**DESCRIPTION OF THE TASK**
In the entries below, find the line with "constraint vertical L7" and print exactly every line from there up to and including the line with "(111.5, 9, -111.6667)", with no other lines.

[Stored items]
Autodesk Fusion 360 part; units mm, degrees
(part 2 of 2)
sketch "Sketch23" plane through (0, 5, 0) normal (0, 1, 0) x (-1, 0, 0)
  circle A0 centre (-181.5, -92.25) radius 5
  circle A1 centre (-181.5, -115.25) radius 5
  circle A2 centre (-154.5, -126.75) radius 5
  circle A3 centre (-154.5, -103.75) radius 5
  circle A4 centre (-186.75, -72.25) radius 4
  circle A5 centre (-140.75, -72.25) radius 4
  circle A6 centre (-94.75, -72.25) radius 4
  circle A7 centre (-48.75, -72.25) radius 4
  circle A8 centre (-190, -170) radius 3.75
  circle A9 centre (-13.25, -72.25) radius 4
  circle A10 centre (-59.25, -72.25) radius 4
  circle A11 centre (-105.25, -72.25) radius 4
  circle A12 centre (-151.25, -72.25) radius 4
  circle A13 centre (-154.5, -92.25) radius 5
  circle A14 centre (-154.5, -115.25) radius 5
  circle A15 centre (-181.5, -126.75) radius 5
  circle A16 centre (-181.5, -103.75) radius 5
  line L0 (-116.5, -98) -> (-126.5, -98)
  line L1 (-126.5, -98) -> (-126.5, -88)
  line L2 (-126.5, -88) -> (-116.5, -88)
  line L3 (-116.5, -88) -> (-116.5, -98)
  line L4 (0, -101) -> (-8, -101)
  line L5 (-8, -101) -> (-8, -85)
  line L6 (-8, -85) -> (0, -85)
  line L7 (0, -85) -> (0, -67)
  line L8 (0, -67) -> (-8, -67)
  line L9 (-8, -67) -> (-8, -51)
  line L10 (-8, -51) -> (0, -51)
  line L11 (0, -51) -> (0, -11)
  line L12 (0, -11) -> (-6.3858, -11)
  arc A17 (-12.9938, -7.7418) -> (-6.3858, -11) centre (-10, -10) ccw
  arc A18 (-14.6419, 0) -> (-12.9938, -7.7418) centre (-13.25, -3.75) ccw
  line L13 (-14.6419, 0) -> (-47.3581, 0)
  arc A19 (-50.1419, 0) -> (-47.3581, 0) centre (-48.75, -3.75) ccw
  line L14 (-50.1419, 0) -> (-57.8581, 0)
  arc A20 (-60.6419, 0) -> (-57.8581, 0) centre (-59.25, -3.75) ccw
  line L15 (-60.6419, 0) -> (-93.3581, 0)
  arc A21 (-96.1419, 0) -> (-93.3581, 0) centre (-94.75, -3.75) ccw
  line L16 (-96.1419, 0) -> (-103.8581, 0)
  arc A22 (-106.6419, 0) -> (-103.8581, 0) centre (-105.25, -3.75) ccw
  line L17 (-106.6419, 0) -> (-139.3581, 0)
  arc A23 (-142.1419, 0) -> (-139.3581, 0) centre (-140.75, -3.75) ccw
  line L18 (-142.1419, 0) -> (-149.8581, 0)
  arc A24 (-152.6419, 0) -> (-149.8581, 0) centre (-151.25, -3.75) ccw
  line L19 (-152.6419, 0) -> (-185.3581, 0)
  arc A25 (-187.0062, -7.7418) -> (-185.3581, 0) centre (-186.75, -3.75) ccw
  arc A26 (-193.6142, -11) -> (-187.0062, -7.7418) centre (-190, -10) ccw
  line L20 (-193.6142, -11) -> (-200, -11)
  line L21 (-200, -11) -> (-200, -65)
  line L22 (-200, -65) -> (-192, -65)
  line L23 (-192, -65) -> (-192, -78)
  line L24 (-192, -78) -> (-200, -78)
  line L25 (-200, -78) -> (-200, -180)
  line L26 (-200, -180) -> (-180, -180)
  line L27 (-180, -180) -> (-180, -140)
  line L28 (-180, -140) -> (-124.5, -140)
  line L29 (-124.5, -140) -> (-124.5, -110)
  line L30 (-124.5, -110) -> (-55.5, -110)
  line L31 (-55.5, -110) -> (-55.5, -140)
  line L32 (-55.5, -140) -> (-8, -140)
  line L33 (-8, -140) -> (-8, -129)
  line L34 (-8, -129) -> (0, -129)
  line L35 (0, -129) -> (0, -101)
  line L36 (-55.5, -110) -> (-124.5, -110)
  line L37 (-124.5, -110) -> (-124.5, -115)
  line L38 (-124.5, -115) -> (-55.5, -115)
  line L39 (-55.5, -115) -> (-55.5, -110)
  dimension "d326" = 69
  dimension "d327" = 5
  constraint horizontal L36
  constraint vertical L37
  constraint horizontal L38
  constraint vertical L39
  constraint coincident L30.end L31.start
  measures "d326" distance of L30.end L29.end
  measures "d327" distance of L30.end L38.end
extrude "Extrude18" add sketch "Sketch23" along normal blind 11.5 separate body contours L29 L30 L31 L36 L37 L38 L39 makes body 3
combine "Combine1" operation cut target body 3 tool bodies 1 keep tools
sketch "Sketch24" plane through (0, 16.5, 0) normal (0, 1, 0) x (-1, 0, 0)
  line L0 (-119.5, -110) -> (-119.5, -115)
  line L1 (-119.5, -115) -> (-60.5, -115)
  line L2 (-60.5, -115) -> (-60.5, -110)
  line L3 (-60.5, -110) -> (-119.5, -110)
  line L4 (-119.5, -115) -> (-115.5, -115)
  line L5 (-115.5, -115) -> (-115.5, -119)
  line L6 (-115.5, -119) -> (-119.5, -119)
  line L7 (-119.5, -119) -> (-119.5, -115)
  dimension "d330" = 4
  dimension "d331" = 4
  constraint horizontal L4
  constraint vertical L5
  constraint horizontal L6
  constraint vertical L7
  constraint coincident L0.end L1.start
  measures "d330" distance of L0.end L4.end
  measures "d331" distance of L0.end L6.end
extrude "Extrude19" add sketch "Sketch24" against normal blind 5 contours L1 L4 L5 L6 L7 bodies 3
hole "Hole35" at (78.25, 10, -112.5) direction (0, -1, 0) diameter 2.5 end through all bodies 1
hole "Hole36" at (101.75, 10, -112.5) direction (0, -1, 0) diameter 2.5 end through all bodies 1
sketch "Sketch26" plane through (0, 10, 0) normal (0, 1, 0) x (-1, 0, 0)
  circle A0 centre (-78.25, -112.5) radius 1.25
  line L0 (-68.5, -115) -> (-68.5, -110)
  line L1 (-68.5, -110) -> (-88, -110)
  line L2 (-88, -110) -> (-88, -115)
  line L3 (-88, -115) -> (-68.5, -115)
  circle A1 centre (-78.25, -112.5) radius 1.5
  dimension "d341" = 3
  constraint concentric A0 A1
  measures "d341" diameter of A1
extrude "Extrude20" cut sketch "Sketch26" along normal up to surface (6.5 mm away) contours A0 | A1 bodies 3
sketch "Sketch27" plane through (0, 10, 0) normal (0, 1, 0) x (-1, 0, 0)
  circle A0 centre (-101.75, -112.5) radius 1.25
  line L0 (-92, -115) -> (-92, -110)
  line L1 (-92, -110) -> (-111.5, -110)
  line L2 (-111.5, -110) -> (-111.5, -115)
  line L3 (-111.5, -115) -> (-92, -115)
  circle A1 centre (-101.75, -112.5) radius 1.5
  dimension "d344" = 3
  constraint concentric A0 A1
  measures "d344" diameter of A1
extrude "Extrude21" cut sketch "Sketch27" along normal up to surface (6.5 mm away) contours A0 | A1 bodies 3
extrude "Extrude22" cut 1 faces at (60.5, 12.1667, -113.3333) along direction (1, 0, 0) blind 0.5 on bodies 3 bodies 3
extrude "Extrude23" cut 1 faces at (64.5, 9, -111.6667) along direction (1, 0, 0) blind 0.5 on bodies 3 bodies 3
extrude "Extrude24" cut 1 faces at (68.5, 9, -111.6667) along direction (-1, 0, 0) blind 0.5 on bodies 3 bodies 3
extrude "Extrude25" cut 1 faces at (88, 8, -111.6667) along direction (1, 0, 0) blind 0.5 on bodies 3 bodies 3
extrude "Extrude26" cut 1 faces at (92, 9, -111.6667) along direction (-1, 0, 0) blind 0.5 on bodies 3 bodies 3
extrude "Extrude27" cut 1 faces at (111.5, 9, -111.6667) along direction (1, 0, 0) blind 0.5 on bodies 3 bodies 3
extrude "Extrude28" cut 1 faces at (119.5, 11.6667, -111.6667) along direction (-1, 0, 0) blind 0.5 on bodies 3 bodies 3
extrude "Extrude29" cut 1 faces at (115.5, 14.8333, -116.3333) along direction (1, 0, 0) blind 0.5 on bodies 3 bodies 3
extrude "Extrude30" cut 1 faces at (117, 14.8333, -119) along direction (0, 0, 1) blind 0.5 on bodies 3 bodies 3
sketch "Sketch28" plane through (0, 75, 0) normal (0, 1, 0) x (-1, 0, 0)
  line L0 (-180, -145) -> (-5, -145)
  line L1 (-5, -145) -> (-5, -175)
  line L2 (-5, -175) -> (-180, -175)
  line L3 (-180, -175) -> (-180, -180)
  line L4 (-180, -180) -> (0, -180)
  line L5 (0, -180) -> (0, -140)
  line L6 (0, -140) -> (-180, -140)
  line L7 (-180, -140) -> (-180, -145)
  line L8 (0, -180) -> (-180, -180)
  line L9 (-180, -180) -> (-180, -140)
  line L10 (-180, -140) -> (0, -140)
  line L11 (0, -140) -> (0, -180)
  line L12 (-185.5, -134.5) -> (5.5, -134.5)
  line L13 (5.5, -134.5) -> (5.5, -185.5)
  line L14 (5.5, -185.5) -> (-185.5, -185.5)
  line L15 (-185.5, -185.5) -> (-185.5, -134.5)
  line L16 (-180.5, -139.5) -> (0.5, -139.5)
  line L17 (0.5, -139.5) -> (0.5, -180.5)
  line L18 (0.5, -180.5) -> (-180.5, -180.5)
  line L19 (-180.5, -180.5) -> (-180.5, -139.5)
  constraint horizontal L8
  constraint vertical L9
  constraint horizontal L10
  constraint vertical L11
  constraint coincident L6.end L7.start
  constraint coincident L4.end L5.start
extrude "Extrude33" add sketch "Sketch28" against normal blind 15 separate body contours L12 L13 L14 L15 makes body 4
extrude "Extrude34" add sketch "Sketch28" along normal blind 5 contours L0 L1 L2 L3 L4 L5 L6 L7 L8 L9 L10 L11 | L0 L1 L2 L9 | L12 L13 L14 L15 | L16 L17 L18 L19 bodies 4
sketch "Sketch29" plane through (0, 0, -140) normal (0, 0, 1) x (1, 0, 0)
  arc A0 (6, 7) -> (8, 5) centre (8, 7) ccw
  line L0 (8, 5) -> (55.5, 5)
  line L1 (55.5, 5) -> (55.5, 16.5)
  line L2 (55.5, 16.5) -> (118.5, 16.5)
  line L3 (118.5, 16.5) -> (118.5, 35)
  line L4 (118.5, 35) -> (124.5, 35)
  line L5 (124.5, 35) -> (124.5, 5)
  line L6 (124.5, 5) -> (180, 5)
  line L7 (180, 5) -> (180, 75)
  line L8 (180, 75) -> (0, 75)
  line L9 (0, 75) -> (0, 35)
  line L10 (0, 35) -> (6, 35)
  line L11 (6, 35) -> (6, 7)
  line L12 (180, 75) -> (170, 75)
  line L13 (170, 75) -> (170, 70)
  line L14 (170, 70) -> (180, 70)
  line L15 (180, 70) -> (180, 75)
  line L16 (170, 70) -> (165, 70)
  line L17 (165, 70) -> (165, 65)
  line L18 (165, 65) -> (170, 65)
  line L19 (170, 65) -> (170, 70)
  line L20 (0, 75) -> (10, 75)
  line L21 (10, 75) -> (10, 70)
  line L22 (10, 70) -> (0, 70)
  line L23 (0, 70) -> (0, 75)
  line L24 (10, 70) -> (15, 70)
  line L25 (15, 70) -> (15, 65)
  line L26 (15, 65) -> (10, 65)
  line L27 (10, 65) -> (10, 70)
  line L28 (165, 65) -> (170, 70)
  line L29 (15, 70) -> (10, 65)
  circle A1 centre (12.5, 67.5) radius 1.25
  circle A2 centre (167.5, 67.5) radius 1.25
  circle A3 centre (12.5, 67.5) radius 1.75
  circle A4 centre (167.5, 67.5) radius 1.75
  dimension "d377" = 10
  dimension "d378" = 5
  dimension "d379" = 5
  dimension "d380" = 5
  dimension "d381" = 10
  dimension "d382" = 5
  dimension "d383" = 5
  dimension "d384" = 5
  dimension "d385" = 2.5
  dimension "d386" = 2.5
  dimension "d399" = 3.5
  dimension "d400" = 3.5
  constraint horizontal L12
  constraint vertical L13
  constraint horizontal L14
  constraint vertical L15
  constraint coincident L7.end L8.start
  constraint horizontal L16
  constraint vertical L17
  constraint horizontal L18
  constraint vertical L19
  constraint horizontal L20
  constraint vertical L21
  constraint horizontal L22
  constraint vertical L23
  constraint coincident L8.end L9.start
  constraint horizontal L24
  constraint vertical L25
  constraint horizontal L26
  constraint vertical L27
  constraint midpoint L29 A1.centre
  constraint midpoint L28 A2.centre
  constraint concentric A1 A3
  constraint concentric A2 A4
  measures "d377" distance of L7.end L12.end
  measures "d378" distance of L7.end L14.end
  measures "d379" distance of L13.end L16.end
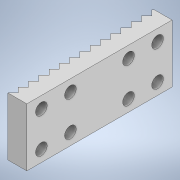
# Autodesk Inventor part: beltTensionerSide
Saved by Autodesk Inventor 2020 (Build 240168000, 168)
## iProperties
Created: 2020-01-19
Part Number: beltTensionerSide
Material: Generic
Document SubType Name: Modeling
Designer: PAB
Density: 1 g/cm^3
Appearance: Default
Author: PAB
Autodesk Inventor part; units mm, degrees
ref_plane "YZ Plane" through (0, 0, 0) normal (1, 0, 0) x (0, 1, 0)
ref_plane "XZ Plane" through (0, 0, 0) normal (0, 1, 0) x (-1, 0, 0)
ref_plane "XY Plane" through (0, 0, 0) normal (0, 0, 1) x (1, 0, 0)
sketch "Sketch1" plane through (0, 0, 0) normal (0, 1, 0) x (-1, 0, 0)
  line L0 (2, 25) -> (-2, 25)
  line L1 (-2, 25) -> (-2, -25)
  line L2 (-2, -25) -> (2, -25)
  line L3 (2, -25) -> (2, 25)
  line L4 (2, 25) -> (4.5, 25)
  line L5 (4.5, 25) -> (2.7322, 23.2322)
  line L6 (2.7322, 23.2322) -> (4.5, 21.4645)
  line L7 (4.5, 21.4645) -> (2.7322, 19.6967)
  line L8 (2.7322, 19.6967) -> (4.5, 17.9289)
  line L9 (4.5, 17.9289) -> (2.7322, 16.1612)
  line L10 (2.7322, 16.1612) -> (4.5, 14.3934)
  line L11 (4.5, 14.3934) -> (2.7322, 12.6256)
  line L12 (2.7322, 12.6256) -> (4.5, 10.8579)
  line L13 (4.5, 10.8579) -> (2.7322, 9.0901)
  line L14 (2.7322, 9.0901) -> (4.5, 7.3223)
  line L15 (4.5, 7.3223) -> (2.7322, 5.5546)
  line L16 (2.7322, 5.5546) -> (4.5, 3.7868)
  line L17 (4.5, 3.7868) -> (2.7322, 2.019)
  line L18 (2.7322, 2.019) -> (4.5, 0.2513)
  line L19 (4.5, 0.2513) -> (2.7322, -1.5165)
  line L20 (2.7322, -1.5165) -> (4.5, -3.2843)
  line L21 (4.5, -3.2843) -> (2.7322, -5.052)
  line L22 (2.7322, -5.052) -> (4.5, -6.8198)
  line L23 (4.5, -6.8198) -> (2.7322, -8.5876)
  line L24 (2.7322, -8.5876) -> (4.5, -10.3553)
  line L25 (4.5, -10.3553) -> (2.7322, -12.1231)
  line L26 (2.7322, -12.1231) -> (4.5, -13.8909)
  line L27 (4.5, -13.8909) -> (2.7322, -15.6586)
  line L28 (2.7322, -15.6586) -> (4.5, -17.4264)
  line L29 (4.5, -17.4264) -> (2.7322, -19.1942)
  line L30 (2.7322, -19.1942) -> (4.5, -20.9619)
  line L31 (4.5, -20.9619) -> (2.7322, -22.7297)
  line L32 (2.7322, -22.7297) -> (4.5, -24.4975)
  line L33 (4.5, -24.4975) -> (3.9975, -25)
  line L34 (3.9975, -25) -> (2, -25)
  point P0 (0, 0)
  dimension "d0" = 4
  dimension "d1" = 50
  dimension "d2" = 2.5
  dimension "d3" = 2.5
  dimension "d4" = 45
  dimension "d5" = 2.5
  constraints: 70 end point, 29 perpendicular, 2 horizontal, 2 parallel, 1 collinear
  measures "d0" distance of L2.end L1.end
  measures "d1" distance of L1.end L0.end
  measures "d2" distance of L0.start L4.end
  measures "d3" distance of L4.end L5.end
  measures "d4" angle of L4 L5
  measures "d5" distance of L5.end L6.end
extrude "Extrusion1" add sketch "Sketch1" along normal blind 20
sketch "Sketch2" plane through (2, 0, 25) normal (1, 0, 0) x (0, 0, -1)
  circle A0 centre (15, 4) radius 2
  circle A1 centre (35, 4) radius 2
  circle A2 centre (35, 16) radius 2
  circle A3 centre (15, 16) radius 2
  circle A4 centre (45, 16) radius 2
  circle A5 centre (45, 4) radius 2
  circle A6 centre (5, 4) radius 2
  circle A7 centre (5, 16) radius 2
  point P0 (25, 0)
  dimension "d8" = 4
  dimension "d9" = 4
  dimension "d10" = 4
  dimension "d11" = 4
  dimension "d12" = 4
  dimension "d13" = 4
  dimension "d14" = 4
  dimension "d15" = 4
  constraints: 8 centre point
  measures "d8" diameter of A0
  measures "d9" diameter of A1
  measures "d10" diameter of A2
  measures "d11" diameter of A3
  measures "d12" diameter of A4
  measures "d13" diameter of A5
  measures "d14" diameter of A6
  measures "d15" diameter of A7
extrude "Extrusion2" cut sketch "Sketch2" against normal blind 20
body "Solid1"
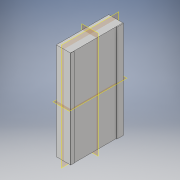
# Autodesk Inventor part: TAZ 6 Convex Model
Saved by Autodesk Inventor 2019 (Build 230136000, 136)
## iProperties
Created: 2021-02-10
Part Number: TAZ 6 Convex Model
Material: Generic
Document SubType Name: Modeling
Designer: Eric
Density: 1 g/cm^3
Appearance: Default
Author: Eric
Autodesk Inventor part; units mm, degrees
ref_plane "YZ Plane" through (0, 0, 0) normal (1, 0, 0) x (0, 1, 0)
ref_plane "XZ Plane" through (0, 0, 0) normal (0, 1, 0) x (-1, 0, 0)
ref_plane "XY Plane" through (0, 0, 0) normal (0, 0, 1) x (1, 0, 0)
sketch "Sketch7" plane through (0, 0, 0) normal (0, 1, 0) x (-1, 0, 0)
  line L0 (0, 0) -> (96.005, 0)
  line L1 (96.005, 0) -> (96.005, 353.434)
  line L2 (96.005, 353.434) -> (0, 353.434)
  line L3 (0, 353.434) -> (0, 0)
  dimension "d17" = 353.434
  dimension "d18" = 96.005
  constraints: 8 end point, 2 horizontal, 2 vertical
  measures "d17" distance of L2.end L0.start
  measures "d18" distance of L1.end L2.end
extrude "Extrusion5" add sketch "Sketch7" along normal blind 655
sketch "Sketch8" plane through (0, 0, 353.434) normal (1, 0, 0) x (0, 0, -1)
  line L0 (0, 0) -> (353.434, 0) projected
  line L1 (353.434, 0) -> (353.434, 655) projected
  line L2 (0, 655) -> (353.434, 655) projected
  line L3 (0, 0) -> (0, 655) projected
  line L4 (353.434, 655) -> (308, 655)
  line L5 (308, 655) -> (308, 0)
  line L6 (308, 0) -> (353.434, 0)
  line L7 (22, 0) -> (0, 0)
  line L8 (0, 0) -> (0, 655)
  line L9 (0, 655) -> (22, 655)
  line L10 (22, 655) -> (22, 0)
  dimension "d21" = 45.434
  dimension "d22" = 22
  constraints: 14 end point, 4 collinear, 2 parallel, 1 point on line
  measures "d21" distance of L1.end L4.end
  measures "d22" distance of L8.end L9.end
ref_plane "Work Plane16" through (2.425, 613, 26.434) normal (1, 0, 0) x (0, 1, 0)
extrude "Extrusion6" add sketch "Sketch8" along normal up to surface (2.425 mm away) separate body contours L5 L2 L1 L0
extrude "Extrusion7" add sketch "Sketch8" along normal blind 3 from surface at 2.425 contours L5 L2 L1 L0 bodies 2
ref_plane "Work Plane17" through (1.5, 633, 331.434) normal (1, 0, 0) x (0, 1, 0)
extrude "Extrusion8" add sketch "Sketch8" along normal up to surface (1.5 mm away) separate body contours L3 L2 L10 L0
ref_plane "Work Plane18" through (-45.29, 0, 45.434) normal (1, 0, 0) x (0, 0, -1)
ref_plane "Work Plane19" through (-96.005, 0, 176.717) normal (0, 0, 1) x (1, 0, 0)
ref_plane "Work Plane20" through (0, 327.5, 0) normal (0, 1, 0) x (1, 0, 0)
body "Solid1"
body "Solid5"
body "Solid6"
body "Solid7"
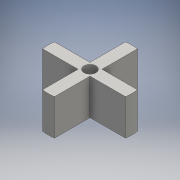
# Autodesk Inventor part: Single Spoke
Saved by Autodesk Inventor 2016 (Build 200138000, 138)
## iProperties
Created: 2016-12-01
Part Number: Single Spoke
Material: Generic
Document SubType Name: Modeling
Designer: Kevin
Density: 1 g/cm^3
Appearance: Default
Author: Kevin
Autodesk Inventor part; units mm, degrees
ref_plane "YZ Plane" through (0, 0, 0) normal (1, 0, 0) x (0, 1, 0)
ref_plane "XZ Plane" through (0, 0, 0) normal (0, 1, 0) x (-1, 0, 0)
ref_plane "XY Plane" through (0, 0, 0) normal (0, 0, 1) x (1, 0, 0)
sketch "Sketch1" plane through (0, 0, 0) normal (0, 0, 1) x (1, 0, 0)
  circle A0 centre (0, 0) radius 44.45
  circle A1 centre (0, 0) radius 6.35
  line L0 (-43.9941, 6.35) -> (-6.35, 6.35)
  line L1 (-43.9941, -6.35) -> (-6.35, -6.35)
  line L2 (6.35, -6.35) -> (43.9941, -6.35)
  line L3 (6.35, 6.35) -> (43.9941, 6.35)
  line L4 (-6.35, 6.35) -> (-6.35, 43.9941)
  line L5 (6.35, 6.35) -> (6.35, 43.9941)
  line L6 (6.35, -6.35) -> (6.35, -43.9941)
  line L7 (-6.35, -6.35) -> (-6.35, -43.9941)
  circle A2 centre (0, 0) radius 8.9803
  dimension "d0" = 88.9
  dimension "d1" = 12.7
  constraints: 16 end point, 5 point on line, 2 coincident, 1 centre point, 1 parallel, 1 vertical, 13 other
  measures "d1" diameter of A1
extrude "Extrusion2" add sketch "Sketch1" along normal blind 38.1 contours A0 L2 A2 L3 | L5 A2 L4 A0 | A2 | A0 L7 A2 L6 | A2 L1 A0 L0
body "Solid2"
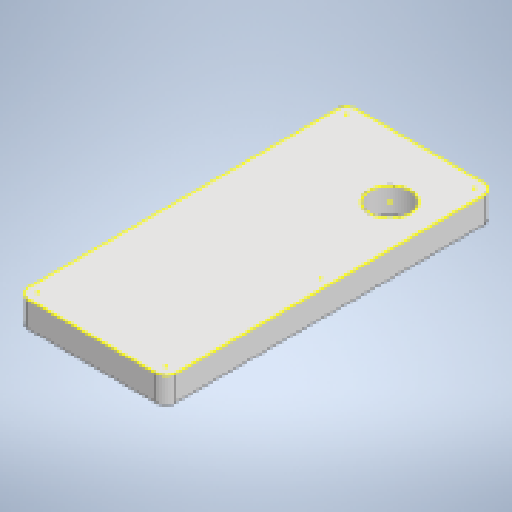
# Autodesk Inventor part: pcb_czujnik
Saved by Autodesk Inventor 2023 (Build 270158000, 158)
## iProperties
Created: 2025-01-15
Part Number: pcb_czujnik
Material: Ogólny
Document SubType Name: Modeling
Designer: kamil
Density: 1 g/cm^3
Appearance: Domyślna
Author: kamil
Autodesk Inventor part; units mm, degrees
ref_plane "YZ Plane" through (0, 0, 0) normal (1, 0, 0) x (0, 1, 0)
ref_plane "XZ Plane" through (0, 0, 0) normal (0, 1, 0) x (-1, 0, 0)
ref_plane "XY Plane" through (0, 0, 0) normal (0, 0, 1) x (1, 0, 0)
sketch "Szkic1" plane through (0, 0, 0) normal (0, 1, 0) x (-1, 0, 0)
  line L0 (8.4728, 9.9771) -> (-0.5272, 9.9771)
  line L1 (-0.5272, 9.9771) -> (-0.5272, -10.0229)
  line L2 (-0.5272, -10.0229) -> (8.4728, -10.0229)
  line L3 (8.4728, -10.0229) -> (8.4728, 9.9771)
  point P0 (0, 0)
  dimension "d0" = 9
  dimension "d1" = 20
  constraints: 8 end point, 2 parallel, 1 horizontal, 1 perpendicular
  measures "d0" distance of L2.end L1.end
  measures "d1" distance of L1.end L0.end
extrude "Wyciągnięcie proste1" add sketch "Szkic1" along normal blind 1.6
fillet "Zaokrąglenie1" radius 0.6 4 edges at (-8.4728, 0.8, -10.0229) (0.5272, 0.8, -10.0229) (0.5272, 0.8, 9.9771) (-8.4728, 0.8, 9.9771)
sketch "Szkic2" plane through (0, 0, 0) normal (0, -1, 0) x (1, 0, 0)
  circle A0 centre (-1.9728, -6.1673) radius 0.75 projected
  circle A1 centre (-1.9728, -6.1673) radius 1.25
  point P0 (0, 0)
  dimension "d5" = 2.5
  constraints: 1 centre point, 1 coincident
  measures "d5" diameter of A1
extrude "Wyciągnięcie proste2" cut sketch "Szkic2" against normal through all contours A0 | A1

**RESULT FOR THIS TASK**
  constraint vertical L7
  constraint coincident L0.end L1.start
  measures "d330" distance of L0.end L4.end
  measures "d331" distance of L0.end L6.end
extrude "Extrude19" add sketch "Sketch24" against normal blind 5 contours L1 L4 L5 L6 L7 bodies 3
hole "Hole35" at (78.25, 10, -112.5) direction (0, -1, 0) diameter 2.5 end through all bodies 1
hole "Hole36" at (101.75, 10, -112.5) direction (0, -1, 0) diameter 2.5 end through all bodies 1
sketch "Sketch26" plane through (0, 10, 0) normal (0, 1, 0) x (-1, 0, 0)
  circle A0 centre (-78.25, -112.5) radius 1.25
  line L0 (-68.5, -115) -> (-68.5, -110)
  line L1 (-68.5, -110) -> (-88, -110)
  line L2 (-88, -110) -> (-88, -115)
  line L3 (-88, -115) -> (-68.5, -115)
  circle A1 centre (-78.25, -112.5) radius 1.5
  dimension "d341" = 3
  constraint concentric A0 A1
  measures "d341" diameter of A1
extrude "Extrude20" cut sketch "Sketch26" along normal up to surface (6.5 mm away) contours A0 | A1 bodies 3
sketch "Sketch27" plane through (0, 10, 0) normal (0, 1, 0) x (-1, 0, 0)
  circle A0 centre (-101.75, -112.5) radius 1.25
  line L0 (-92, -115) -> (-92, -110)
  line L1 (-92, -110) -> (-111.5, -110)
  line L2 (-111.5, -110) -> (-111.5, -115)
  line L3 (-111.5, -115) -> (-92, -115)
  circle A1 centre (-101.75, -112.5) radius 1.5
  dimension "d344" = 3
  constraint concentric A0 A1
  measures "d344" diameter of A1
extrude "Extrude21" cut sketch "Sketch27" along normal up to surface (6.5 mm away) contours A0 | A1 bodies 3
extrude "Extrude22" cut 1 faces at (60.5, 12.1667, -113.3333) along direction (1, 0, 0) blind 0.5 on bodies 3 bodies 3
extrude "Extrude23" cut 1 faces at (64.5, 9, -111.6667) along direction (1, 0, 0) blind 0.5 on bodies 3 bodies 3
extrude "Extrude24" cut 1 faces at (68.5, 9, -111.6667) along direction (-1, 0, 0) blind 0.5 on bodies 3 bodies 3
extrude "Extrude25" cut 1 faces at (88, 8, -111.6667) along direction (1, 0, 0) blind 0.5 on bodies 3 bodies 3
extrude "Extrude26" cut 1 faces at (92, 9, -111.6667) along direction (-1, 0, 0) blind 0.5 on bodies 3 bodies 3
extrude "Extrude27" cut 1 faces at (111.5, 9, -111.6667) along direction (1, 0, 0) blind 0.5 on bodies 3 bodies 3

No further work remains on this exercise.